The answer must be a single number: the count of lines in the data below that hold the word "mechanical".

--- RECORDS TO USE Enclosed Below ---

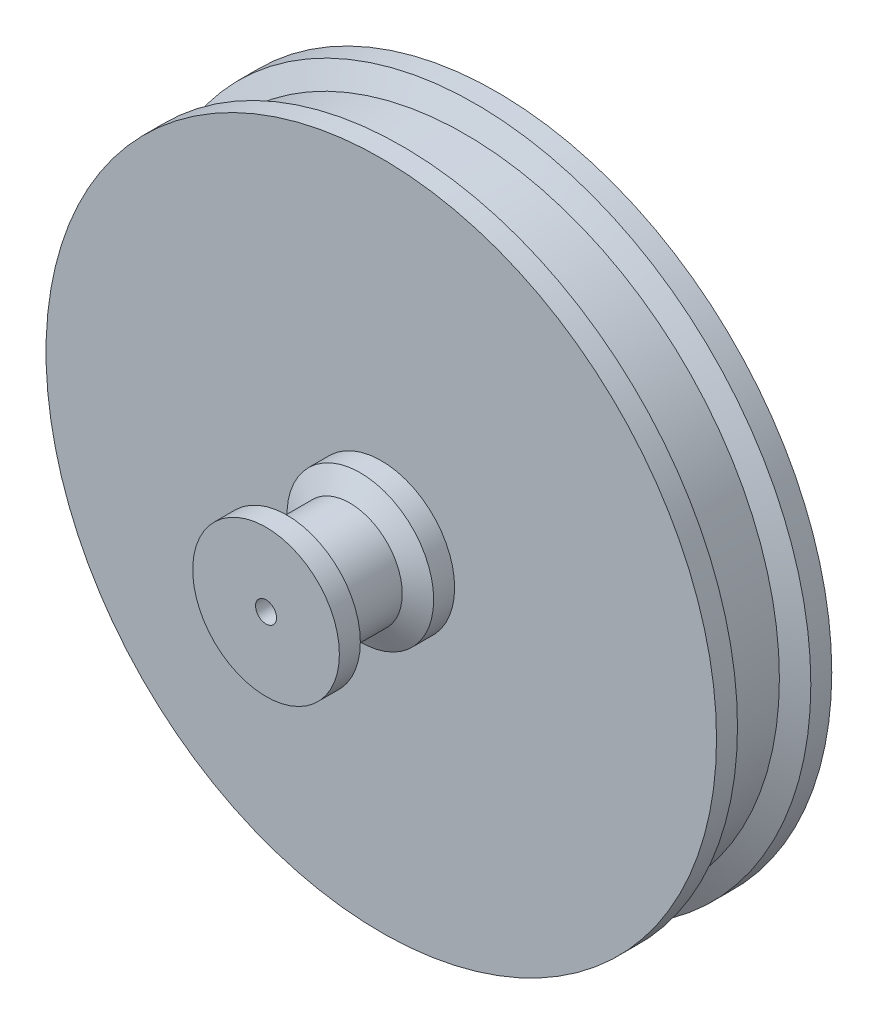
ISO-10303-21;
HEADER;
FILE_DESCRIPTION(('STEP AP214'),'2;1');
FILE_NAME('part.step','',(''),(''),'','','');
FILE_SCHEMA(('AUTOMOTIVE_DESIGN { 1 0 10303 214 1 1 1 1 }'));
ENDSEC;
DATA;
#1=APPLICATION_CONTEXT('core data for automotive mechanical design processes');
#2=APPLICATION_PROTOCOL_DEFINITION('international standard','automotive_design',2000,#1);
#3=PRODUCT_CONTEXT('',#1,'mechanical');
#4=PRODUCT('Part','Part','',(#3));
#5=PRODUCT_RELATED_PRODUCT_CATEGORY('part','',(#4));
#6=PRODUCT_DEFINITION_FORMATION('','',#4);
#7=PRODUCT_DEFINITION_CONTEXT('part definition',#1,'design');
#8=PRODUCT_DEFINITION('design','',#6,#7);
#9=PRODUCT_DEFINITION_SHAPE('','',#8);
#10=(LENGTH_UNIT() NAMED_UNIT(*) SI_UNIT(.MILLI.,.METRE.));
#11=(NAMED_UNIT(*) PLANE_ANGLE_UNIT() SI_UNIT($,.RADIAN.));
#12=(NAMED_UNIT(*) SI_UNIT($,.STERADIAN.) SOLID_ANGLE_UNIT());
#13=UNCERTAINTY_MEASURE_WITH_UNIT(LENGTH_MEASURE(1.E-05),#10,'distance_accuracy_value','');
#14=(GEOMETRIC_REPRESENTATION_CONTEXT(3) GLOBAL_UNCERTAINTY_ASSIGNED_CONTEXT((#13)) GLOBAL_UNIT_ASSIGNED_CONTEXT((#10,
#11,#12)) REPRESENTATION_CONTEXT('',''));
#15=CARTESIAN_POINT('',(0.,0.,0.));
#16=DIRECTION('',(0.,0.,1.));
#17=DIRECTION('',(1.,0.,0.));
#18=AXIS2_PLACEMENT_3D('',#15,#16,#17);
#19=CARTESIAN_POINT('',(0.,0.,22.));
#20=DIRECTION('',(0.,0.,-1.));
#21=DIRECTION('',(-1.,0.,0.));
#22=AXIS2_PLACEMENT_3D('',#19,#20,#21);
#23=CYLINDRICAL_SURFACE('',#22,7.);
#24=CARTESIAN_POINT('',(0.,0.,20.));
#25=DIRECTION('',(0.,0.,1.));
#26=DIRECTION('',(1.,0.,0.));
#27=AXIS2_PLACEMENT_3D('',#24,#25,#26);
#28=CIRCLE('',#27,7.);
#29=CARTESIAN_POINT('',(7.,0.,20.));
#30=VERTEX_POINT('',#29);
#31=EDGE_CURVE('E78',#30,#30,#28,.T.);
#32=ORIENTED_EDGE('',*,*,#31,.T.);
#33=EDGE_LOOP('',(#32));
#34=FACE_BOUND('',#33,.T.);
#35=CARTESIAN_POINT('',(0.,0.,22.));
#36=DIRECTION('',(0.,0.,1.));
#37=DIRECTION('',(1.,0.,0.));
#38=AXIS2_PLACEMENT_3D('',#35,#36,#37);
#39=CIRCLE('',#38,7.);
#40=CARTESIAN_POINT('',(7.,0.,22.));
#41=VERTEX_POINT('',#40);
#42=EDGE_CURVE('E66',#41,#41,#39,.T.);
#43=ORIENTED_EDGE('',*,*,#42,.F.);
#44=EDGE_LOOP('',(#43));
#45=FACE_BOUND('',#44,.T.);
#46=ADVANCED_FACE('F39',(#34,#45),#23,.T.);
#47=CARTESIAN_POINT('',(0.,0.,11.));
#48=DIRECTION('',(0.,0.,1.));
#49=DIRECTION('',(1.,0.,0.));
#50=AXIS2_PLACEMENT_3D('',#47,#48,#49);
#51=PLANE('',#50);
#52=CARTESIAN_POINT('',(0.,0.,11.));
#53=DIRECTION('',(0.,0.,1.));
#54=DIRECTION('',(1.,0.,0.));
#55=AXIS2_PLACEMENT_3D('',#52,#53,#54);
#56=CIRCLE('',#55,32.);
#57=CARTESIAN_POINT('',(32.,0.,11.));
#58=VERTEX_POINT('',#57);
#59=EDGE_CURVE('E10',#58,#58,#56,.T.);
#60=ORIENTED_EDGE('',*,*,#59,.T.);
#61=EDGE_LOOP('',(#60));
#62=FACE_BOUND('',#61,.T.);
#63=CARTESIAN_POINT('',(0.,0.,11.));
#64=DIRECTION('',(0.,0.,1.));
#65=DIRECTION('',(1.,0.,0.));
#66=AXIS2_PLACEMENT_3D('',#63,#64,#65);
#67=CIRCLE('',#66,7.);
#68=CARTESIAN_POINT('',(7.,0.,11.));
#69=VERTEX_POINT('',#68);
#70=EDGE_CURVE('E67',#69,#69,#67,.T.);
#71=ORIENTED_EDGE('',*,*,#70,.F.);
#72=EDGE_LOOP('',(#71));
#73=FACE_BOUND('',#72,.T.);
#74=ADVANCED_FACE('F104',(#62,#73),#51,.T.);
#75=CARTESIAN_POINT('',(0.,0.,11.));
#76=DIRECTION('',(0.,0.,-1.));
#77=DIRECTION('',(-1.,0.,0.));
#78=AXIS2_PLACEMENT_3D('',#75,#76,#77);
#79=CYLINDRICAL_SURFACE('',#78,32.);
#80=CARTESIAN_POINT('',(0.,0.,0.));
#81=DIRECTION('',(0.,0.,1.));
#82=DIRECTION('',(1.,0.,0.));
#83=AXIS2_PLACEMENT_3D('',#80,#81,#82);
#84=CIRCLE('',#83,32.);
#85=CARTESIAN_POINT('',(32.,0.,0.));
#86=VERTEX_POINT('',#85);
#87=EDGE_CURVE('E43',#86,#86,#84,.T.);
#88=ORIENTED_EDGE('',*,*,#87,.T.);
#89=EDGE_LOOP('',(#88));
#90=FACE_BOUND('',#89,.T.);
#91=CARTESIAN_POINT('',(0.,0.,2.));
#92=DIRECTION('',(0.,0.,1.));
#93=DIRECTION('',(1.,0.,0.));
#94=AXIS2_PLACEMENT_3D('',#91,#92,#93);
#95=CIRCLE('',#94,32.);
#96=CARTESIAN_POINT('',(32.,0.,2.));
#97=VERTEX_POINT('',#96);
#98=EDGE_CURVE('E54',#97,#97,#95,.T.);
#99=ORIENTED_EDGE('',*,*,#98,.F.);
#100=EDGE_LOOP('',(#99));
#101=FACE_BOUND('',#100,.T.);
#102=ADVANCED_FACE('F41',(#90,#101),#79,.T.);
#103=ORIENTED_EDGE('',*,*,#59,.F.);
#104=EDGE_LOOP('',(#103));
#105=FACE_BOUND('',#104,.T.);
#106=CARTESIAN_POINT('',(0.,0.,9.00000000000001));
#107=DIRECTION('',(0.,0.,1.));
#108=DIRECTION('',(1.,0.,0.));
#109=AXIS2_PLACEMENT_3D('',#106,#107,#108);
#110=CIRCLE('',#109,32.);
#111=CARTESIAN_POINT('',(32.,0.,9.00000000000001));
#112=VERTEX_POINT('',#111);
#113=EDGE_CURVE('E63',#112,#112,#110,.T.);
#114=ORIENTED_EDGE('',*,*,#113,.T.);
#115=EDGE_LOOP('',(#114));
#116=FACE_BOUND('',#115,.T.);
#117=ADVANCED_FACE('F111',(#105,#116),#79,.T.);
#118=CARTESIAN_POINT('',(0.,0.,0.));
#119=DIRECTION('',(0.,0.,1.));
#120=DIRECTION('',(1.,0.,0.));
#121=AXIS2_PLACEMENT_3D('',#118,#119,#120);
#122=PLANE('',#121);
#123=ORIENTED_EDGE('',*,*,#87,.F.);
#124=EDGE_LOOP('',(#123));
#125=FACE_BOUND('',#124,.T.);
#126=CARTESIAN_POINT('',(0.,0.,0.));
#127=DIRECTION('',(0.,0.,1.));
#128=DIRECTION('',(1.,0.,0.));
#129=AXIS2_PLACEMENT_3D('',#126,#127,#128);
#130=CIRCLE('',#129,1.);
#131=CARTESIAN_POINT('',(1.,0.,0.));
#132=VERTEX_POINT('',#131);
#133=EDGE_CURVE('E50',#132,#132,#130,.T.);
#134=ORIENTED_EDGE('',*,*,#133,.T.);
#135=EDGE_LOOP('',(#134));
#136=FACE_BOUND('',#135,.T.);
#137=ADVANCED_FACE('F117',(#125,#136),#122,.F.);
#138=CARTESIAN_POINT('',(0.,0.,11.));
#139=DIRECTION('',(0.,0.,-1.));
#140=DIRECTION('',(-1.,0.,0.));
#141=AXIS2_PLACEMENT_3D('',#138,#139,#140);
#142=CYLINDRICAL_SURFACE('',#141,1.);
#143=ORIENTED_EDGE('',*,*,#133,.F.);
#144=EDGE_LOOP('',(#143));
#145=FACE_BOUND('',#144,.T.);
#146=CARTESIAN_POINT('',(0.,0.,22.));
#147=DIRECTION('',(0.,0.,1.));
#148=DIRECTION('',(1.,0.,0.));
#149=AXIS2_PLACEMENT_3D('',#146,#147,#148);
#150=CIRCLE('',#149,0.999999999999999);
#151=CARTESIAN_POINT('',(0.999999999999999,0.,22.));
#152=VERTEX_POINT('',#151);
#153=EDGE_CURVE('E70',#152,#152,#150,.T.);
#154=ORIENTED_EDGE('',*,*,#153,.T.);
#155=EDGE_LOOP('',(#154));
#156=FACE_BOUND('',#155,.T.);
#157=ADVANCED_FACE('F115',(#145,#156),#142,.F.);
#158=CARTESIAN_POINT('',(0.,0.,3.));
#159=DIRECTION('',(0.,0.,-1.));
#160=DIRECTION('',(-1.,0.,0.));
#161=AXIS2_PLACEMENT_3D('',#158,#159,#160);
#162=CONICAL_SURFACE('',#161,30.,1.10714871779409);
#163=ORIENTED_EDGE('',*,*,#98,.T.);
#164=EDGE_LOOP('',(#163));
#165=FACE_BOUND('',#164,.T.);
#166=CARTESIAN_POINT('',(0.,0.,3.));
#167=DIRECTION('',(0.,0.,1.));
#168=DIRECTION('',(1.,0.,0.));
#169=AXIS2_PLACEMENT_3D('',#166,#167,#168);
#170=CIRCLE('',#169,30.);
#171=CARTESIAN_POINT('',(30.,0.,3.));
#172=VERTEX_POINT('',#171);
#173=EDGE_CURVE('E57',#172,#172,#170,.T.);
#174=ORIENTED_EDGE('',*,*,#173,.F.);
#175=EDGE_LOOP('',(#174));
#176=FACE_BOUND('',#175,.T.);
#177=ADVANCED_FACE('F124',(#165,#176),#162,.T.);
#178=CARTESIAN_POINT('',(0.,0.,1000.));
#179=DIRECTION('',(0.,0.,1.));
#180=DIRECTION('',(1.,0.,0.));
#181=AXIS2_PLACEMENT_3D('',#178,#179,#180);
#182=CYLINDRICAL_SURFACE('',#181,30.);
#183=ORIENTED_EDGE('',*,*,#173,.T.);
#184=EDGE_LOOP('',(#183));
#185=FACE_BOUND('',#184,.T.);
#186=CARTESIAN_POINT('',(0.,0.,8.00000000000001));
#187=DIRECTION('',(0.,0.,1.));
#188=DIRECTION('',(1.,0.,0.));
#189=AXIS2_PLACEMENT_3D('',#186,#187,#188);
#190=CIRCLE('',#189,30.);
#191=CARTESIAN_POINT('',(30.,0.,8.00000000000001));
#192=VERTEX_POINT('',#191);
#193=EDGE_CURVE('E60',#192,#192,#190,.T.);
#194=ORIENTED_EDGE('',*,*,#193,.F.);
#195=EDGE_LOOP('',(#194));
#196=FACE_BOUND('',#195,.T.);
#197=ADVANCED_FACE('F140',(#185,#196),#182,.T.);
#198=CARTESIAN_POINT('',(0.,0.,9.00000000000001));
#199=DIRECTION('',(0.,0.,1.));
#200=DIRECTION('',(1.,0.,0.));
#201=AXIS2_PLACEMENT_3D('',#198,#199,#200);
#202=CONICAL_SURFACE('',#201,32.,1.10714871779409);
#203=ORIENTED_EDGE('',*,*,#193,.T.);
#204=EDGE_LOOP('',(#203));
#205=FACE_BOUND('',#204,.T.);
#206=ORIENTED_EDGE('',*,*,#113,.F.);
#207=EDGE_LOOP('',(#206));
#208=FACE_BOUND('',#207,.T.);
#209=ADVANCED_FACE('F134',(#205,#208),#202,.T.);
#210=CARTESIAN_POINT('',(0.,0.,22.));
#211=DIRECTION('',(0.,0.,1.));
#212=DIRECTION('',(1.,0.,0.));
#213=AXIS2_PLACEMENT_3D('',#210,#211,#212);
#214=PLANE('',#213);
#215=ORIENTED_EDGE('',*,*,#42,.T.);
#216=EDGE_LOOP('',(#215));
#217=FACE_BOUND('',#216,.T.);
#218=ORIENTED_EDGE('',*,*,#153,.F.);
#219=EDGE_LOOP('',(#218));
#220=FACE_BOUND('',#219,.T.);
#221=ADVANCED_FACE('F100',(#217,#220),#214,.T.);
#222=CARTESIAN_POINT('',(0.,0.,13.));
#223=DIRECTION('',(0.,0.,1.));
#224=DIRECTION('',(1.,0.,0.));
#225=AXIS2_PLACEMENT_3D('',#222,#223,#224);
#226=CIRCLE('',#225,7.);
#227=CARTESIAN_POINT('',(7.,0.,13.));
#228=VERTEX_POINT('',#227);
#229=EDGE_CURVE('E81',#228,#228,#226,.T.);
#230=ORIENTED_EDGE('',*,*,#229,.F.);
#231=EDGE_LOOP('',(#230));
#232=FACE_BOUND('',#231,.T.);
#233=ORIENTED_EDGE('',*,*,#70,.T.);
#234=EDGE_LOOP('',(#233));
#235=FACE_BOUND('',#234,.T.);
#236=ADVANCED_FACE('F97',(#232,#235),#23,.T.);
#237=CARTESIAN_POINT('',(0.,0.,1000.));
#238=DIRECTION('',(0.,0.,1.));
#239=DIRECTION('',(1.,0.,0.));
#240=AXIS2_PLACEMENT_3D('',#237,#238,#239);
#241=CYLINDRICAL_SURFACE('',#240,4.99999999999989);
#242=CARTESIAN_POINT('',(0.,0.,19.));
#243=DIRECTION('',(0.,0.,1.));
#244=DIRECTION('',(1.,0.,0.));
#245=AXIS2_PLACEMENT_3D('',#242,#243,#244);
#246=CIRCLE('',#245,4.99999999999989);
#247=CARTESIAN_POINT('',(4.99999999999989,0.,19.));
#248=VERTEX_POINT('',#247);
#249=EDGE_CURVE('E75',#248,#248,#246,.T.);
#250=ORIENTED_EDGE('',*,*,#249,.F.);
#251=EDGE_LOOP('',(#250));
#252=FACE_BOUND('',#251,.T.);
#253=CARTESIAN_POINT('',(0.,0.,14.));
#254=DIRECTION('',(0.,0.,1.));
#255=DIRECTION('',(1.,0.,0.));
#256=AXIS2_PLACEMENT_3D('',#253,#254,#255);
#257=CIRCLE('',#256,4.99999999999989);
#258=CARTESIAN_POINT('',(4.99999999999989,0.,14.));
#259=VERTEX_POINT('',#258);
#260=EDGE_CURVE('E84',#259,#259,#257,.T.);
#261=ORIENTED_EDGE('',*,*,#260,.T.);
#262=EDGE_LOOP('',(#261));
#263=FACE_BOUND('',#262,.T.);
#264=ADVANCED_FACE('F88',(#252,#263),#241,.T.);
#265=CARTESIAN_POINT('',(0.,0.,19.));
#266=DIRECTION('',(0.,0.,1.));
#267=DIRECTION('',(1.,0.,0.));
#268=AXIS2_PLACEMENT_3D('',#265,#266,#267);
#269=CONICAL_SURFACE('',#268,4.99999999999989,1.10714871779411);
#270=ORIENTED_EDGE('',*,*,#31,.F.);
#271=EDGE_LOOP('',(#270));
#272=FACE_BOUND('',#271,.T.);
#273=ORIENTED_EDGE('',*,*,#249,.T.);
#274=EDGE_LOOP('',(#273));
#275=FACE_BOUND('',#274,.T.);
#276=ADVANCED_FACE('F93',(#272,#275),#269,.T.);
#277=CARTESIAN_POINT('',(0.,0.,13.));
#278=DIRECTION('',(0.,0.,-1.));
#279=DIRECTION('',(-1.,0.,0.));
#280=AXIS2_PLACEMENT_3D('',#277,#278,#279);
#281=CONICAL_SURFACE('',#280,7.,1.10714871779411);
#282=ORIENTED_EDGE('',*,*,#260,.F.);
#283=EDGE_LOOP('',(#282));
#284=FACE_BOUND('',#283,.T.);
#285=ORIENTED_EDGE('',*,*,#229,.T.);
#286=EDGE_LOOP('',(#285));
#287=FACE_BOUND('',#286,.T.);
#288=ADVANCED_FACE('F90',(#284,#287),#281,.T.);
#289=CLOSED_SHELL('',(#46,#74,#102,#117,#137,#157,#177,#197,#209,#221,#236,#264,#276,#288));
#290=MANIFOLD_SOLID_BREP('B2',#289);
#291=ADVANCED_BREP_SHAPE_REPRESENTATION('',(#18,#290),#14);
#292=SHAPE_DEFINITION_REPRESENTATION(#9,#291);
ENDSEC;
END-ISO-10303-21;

--- End of Enclosed RECORDS TO USE ---

### COMPLETED TASK
2